Солнце едва начинало всходить, а тарантас наш уже ехал по берегу Урала, окруженный конвоем башкирцев. Переезд через реку был как нельзя более живописен. Крутые берега, утесы, тарантас, до половины колес погруженный в воду, прыгающие лошади, башкирцы, вооруженные луками, наши ружья и сверкающие кинжалы, все это, освещенное восходящим солнцем, составляло прекрасную и оригинальную картину. Урал в этом месте не широк, но так быстр, что нас едва не унесло течением. На другой стороне степь приняла совершенно новый вид. Дорога скоро исчезла, и мы ехали целиком по крепкой глинистой почве, едва покрытой сожженною солнцем травою.
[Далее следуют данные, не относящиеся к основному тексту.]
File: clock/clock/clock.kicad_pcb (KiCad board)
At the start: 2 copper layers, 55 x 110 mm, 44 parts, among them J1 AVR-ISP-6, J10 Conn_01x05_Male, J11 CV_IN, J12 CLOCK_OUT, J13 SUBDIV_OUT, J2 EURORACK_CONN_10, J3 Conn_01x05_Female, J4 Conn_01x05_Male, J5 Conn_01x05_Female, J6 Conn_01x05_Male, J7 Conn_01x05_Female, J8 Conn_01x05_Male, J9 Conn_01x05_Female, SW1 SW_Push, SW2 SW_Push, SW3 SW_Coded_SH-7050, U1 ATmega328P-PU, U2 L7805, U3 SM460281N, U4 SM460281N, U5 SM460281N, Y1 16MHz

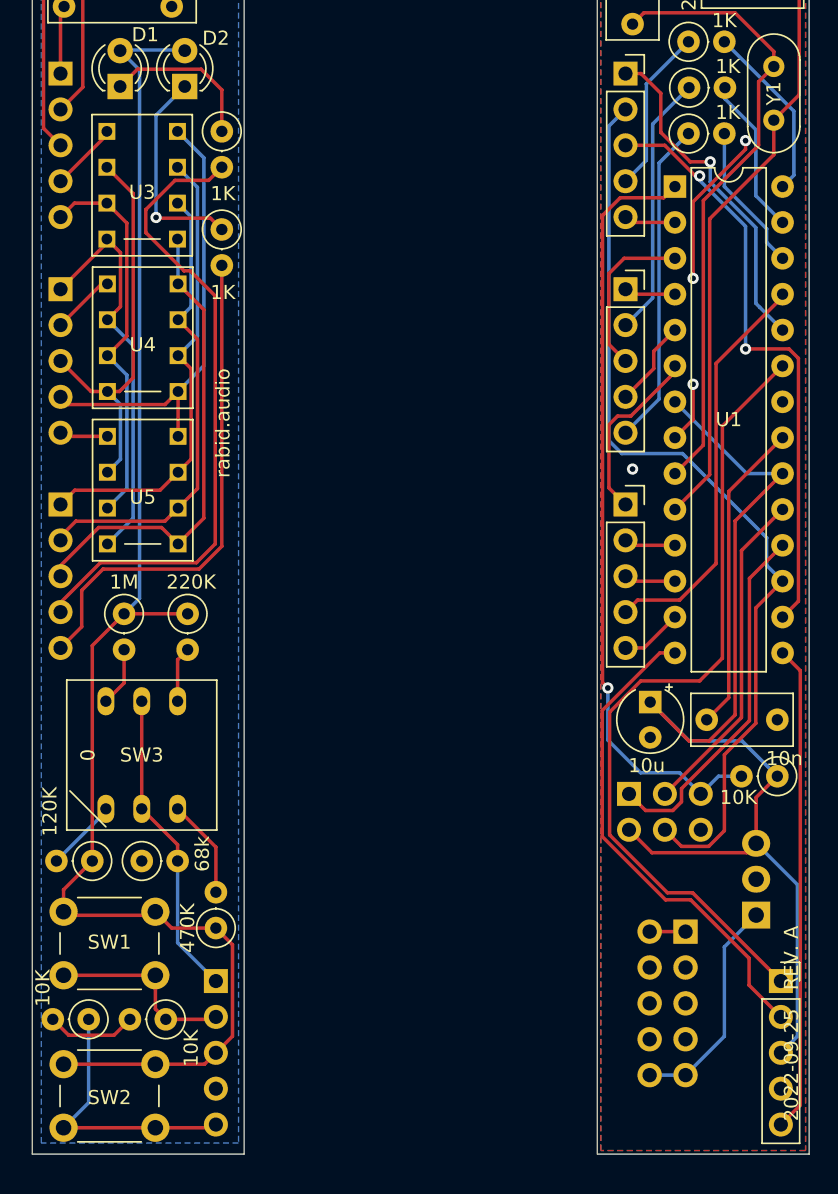
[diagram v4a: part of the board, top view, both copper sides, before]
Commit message: simplify some complex routing
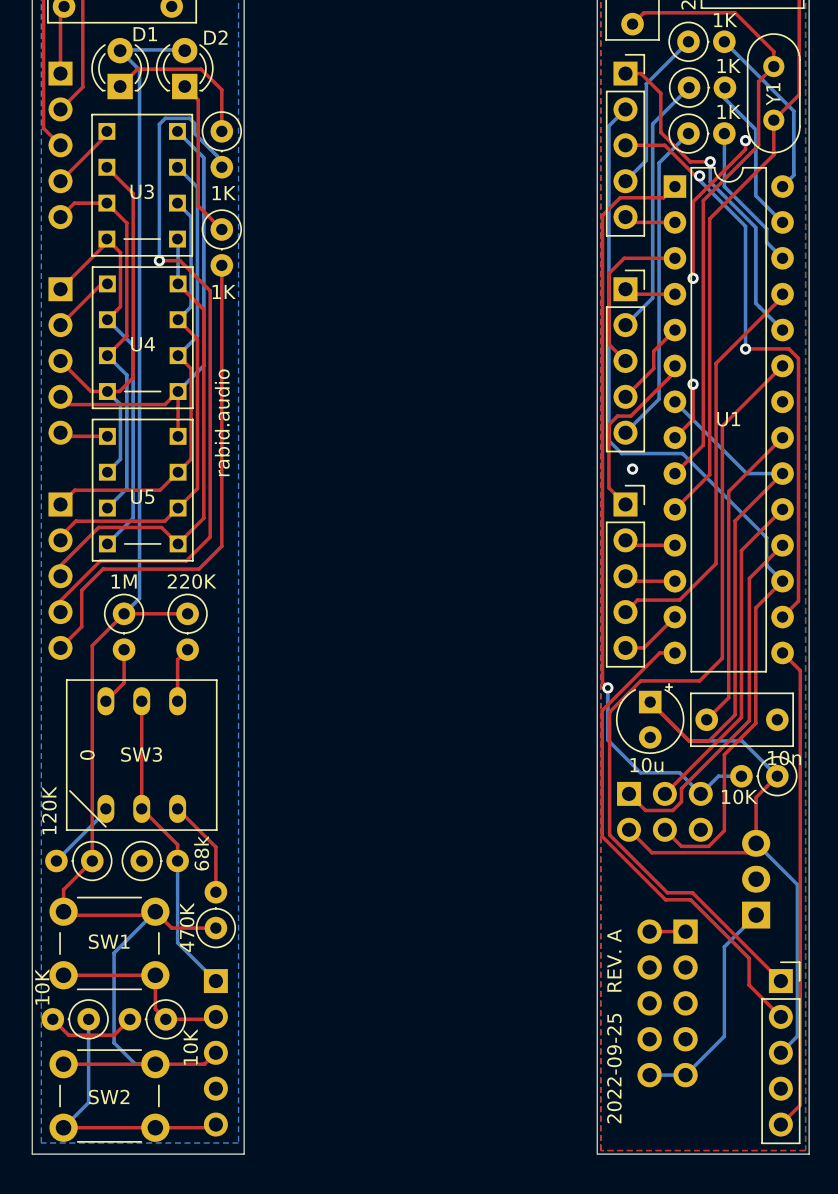
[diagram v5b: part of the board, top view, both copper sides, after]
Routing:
- net /LED_A: track 46.3 -> 52.6 mm, vias 0 -> 1
- net /AVCC: track 105.0 -> 109.3 mm
- net Net-(D2-Pad1): track 15.8 -> 11.9 mm, vias 1 -> 0
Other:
- board text removed: "TODO: confirm pot orientation"
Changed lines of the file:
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@@
   (general
     (thickness 1.6)
-    (drawings 13)
-    (tracks 342)
+    (drawings 12)
+    (tracks 344)
     (zones 0)
     (modules 44)
@@
     (effects (font (size 1 1) (thickness 0.15)) (justify mirror))
   )
-  (gr_text "2022-09-25   REV. A" (at 53.75 100.75 90) (layer F.SilkS)
+  (gr_text "2022-09-25   REV. A" (at 41.25 101 90) (layer F.SilkS)
     (effects (font (size 1 1) (thickness 0.15)))
   )
   (gr_text rabid.audio (at 13.5 58.25 90) (layer F.SilkS)
-    (effects (font (size 1 1) (thickness 0.15)))
-  )
-  (gr_text "TODO: confirm pot orientation" (at 12 117.5) (layer Dwgs.User)
     (effects (font (size 1 1) (thickness 0.15)))
   )
@@
   (segment (start 54.299999 35.000001) (end 54.299999 27.799999) (width 0.25) (layer F.Cu) (net 5))
   (segment (start 52.5 36.8) (end 54.299999 35.000001) (width 0.25) (layer F.Cu) (net 5) (status 10))
+  (segment (start 13.42 37.592) (end 13.42 34.656998) (width 0.25) (layer F.Cu) (net 6) (status 10))
+  (segment (start 13.42 34.656998) (end 11.955001 33.191999) (width 0.25) (layer F.Cu) (net 6))
   (segment (start 7.445001 33.191999) (end 6.22 34.417) (width 0.25) (layer F.Cu) (net 6) (status 20))
   (segment (start 11.955001 33.191999) (end 7.445001 33.191999) (width 0.25) (layer F.Cu) (net 6))
-  (segment (start 13.42 34.656998) (end 11.955001 33.191999) (width 0.25) (layer F.Cu) (net 6))
-  (segment (start 13.42 37.592) (end 13.42 34.656998) (width 0.25) (layer F.Cu) (net 6) (status 10))
   (segment (start 10.82 35.03) (end 10.82 34.37) (width 0.25) (layer F.Cu) (net 7) (status 30))
-  (segment (start 8.815001 43.740001) (end 8.763 43.688) (width 0.25) (layer F.Cu) (net 7))
-  (via (at 8.763 43.688) (size 0.8) (drill 0.4) (layers F.Cu B.Cu) (net 7))
-  (segment (start 12.620001 43.740001) (end 8.815001 43.740001) (width 0.25) (layer F.Cu) (net 7))
-  (segment (start 13.42 44.54) (end 12.620001 43.740001) (width 0.25) (layer F.Cu) (net 7) (status 10))
-  (segment (start 8.763 43.688) (end 8.763 36.449) (width 0.25) (layer B.Cu) (net 7))
-  (segment (start 8.763 36.449) (end 10.795 34.417) (width 0.25) (layer B.Cu) (net 7) (status 20))
+  (segment (start 13.42 44.54) (end 11.75 42.87) (width 0.25) (layer F.Cu) (net 7))
+  (segment (start 11.75 35.372) (end 10.795 34.417) (width 0.25) (layer F.Cu) (net 7))
+  (segment (start 11.75 42.87) (end 11.75 35.372) (width 0.25) (layer F.Cu) (net 7))
   (segment (start 44.704999 42.295001) (end 45.5 41.5) (width 0.25) (layer F.Cu) (net 8) (status 30))
   (segment (start 41.625997 42.295001) (end 44.704999 42.295001) (width 0.25) (layer F.Cu) (net 8) (status 20))
@@
   (segment (start 0.798999 6.470001) (end 0.798999 37.378999) (width 0.25) (layer F.Cu) (net 14))
   (segment (start 2.189 5.08) (end 0.798999 6.470001) (width 0.25) (layer F.Cu) (net 14) (status 10))
-  (segment (start 11.180001 47.464999) (end 12.954 49.238998) (width 0.25) (layer F.Cu) (net 15))
-  (segment (start 10.109997 41.060001) (end 8.037999 43.131999) (width 0.25) (layer F.Cu) (net 15))
-  (segment (start 13.42 40.132) (end 12.491999 41.060001) (width 0.25) (layer F.Cu) (net 15) (status 10))
-  (segment (start 12.491999 41.060001) (end 10.109997 41.060001) (width 0.25) (layer F.Cu) (net 15))
-  (segment (start 12.954 49.238998) (end 12.954 66.80059) (width 0.25) (layer F.Cu) (net 15))
-  (segment (start 12.954 66.80059) (end 11.6246 68.12999) (width 0.25) (layer F.Cu) (net 15))
-  (segment (start 8.037999 44.758001) (end 8.037999 43.131999) (width 0.25) (layer F.Cu) (net 15))
-  (segment (start 10.744997 47.464999) (end 8.037999 44.758001) (width 0.25) (layer F.Cu) (net 15))
-  (segment (start 11.180001 47.464999) (end 10.744997 47.464999) (width 0.25) (layer F.Cu) (net 15))
   (segment (start 2.105 71.885) (end 2.105 71.489998) (width 0.25) (layer F.Cu) (net 15) (status 30))
   (segment (start 2 70.958588) (end 2 71.628) (width 0.25) (layer F.Cu) (net 15) (status 30))
-  (segment (start 4.828597 68.129991) (end 2 70.958588) (width 0.25) (layer F.Cu) (net 15) (status 20))
-  (segment (start 11.6246 68.12999) (end 4.828597 68.129991) (width 0.25) (layer F.Cu) (net 15))
+  (segment (start 2 70.827002) (end 4.827002 68) (width 0.25) (layer F.Cu) (net 15))
+  (segment (start 2 71.628) (end 2 70.827002) (width 0.25) (layer F.Cu) (net 15))
+  (segment (start 10.910002 68) (end 12.595029 66.314973) (width 0.25) (layer F.Cu) (net 15))
+  (segment (start 4.827002 68) (end 10.910002 68) (width 0.25) (layer F.Cu) (net 15))
+  (segment (start 12.595029 66.314973) (end 12.595029 48.880027) (width 0.25) (layer F.Cu) (net 15))
+  (segment (start 13.42 40.132) (end 13.42 39.67) (width 0.25) (layer B.Cu) (net 15))
+  (segment (start 13.42 39.67) (end 11.5 37.75) (width 0.25) (layer B.Cu) (net 15))
+  (via (at 9 46.75) (size 0.8) (drill 0.4) (layers F.Cu B.Cu) (net 15))
+  (segment (start 11.140001 36.669999) (end 9.419999 36.669999) (width 0.25) (layer B.Cu) (net 15))
+  (segment (start 9 37.089998) (end 9 46.75) (width 0.25) (layer B.Cu) (net 15))
+  (segment (start 11.5 37.75) (end 11.5 37.029998) (width 0.25) (layer B.Cu) (net 15))
+  (segment (start 9.419999 36.669999) (end 9 37.089998) (width 0.25) (layer B.Cu) (net 15))
+  (segment (start 11.5 37.029998) (end 11.140001 36.669999) (width 0.25) (layer B.Cu) (net 15))
+  (segment (start 10.465002 46.75) (end 12.595029 48.880027) (width 0.25) (layer F.Cu) (net 15))
+  (segment (start 9 46.75) (end 10.465002 46.75) (width 0.25) (layer F.Cu) (net 15))
   (segment (start 13.42 66.971) (end 13.42 47.08) (width 0.25) (layer F.Cu) (net 16) (status 20))
   (segment (start 11.811 68.58) (end 13.42 66.971) (width 0.25) (layer F.Cu) (net 16))
@@
   (segment (start 12.194 103.636) (end 13 102.83) (width 0.25) (layer F.Cu) (net 31))
   (segment (start 8.715 103.636) (end 12.194 103.636) (width 0.25) (layer F.Cu) (net 31))
-  (segment (start 14.175001 95.175001) (end 13 94) (width 0.25) (layer F.Cu) (net 31))
-  (segment (start 14.175001 101.654999) (end 14.175001 95.175001) (width 0.25) (layer F.Cu) (net 31))
-  (segment (start 13 102.83) (end 14.175001 101.654999) (width 0.25) (layer F.Cu) (net 31))
   (segment (start 9.874 94) (end 8.715 92.841) (width 0.25) (layer F.Cu) (net 31))
   (segment (start 13 94) (end 9.874 94) (width 0.25) (layer F.Cu) (net 31))
@@
   (segment (start 4.25 74) (end 6.5 71.75) (width 0.25) (layer F.Cu) (net 31))
   (segment (start 4.25 89.25) (end 4.25 74) (width 0.25) (layer F.Cu) (net 31))
+  (segment (start 5.788999 102.124212) (end 5.788999 95.767001) (width 0.25) (layer B.Cu) (net 31))
+  (segment (start 5.788999 95.767001) (end 8.715 92.841) (width 0.25) (layer B.Cu) (net 31))
+  (segment (start 7.300787 103.636) (end 5.788999 102.124212) (width 0.25) (layer B.Cu) (net 31))
+  (segment (start 8.715 103.636) (end 7.300787 103.636) (width 0.25) (layer B.Cu) (net 31))
   (segment (start 41.737999 60.405001) (end 40.824999 59.492001) (width 0.25) (layer B.Cu) (net 32))
   (segment (start 46.040001 60.405001) (end 41.737999 60.405001) (width 0.25) (layer B.Cu) (net 32))

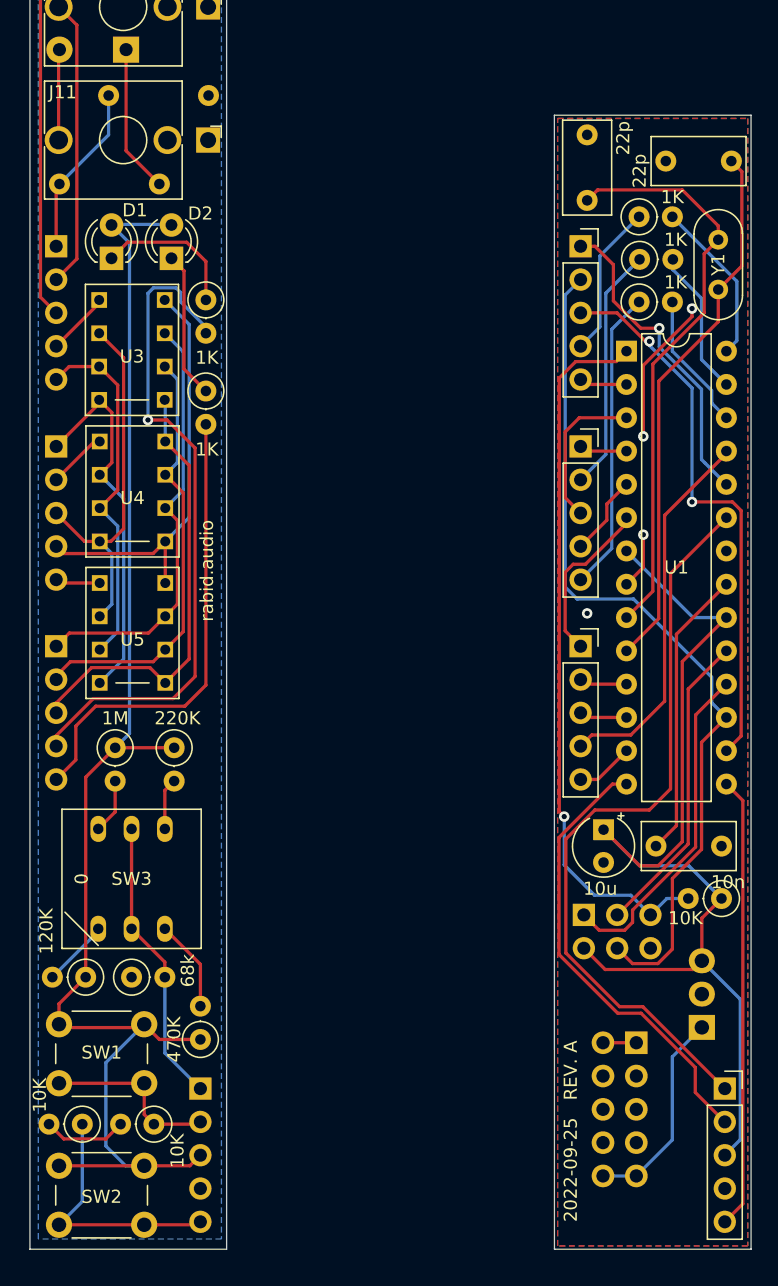
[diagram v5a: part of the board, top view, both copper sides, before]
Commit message: redesign pcb around rotary encoder
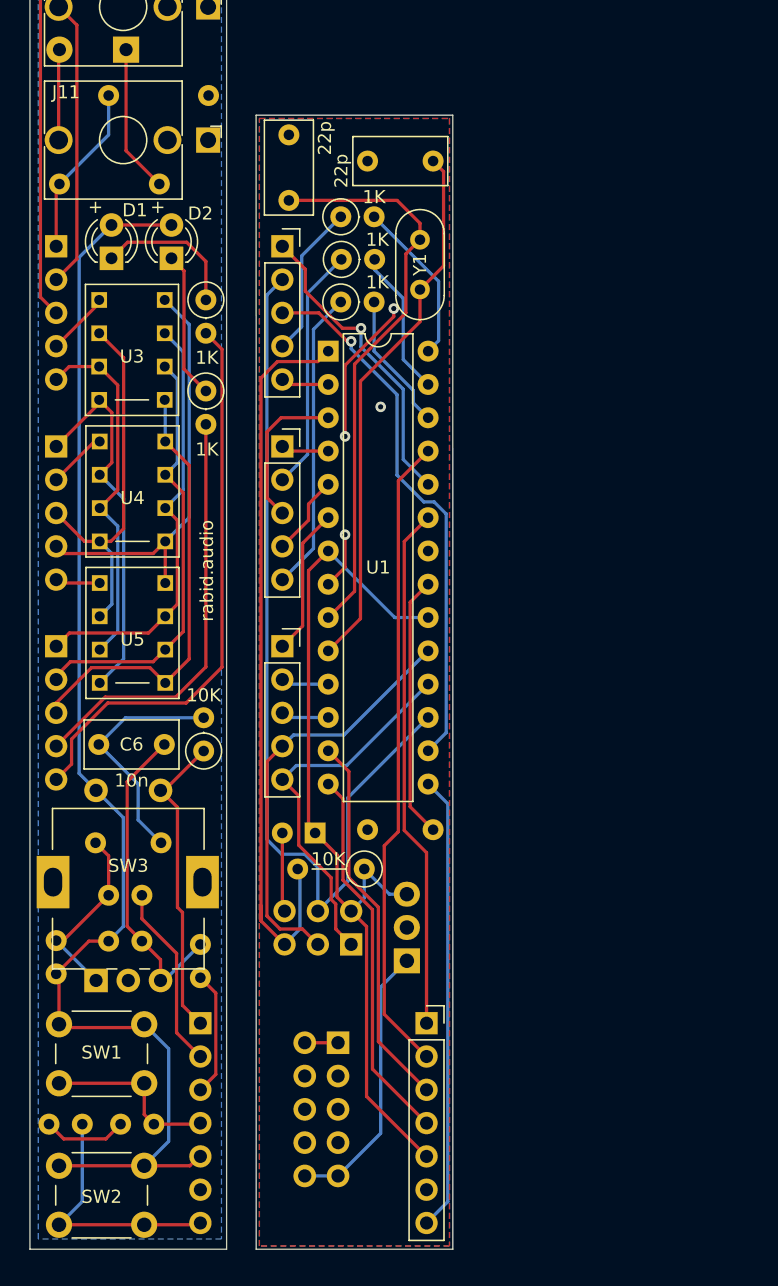
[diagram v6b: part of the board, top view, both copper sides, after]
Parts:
- added C5: 10n, Capacitor_THT:C_Rect_L7.0mm_W3.5mm_P5.00mm, B.Cu at (5.00, 79.0)
- added C6: 10n, Capacitor_THT:C_Rect_L7.0mm_W3.5mm_P5.00mm, F.Cu at (10.2, 71.5)
- C1, C2, R4, R5: moved to B.Cu
- J1: value AVR-ISP-6 -> AVR-ISP
- J10: value Conn_01x05_Male -> Conn_01x07_Male; footprint Connector_PinHeader_2.54mm:PinHeader_1x05_P2.54mm_Vertical -> Connector_PinHeader_2.54mm:PinHeader_1x07_P2.54mm_Vertical
- J9: value Conn_01x05_Female -> Conn_01x07_Female; footprint Connector_PinSocket_2.54mm:PinSocket_1x05_P2.54mm_Vertical -> Connector_PinSocket_2.54mm:PinSocket_1x07_P2.54mm_Vertical
- R1: footprint Resistor_THT:R_Axial_DIN0207_L6.3mm_D2.5mm_P2.54mm_Vertical -> Resistor_THT:R_Axial_DIN0207_L6.3mm_D2.5mm_P5.08mm_Vertical
- R10: value 220K -> 10K; moved to B.Cu
- R11: value 470K -> 10K; moved to B.Cu
- R12: value 1M -> 10K; moved to B.Cu
- R13: value 68k -> 10K
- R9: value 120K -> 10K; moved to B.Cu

Степь рисовалась перед нами во всем своем необъятном величии, подобная слегка взволнованному морю. Тысяча разноцветных оттенков бороздили ее в разных направлениях; в иных местах стлался прозрачный пар, через другие бежали тени облаков, и все казалось в движении, хотя ничего не поражало нашего слуха, кроме стука колес и конского топота. Вдруг один башкирец остановил коня и протянул руку. Последовав глазами направлению его пальца, я увидел несколько светло-желтых точек, движущихся на горизонте: то были сайгаки. Один из нас сел на башкирскую лошадь, в надежде, что успеет как-нибудь к ним подъехать, но едва сайгаки увидели эти приготовления, как пустились бежать, несмотря, что нас разделяло несколько верст. Мы продолжали путь и вскоре стали различать кибитки, расположенные у подножия высокого и длинного утеса синего и лилового цвета, который, как я узнал после, назывался Кук-Таш, то есть синий камень, и состоял из яшмы. Тут был приготовленный для нас стан. Несколько казаков выехали к нам навстречу, и между ними хорунжий Иван Иванович, заведовавший на кочевке всеми охотами. Известия о сайгаках были самые удовлетворительные. Казаки говорили, что им нет и числа и что не помнят, когда бы их приходило на линию такое множество. Они полагали, что засухи вытеснили их из самой глубины степей и заставили искать прохлады вблизи от Урала.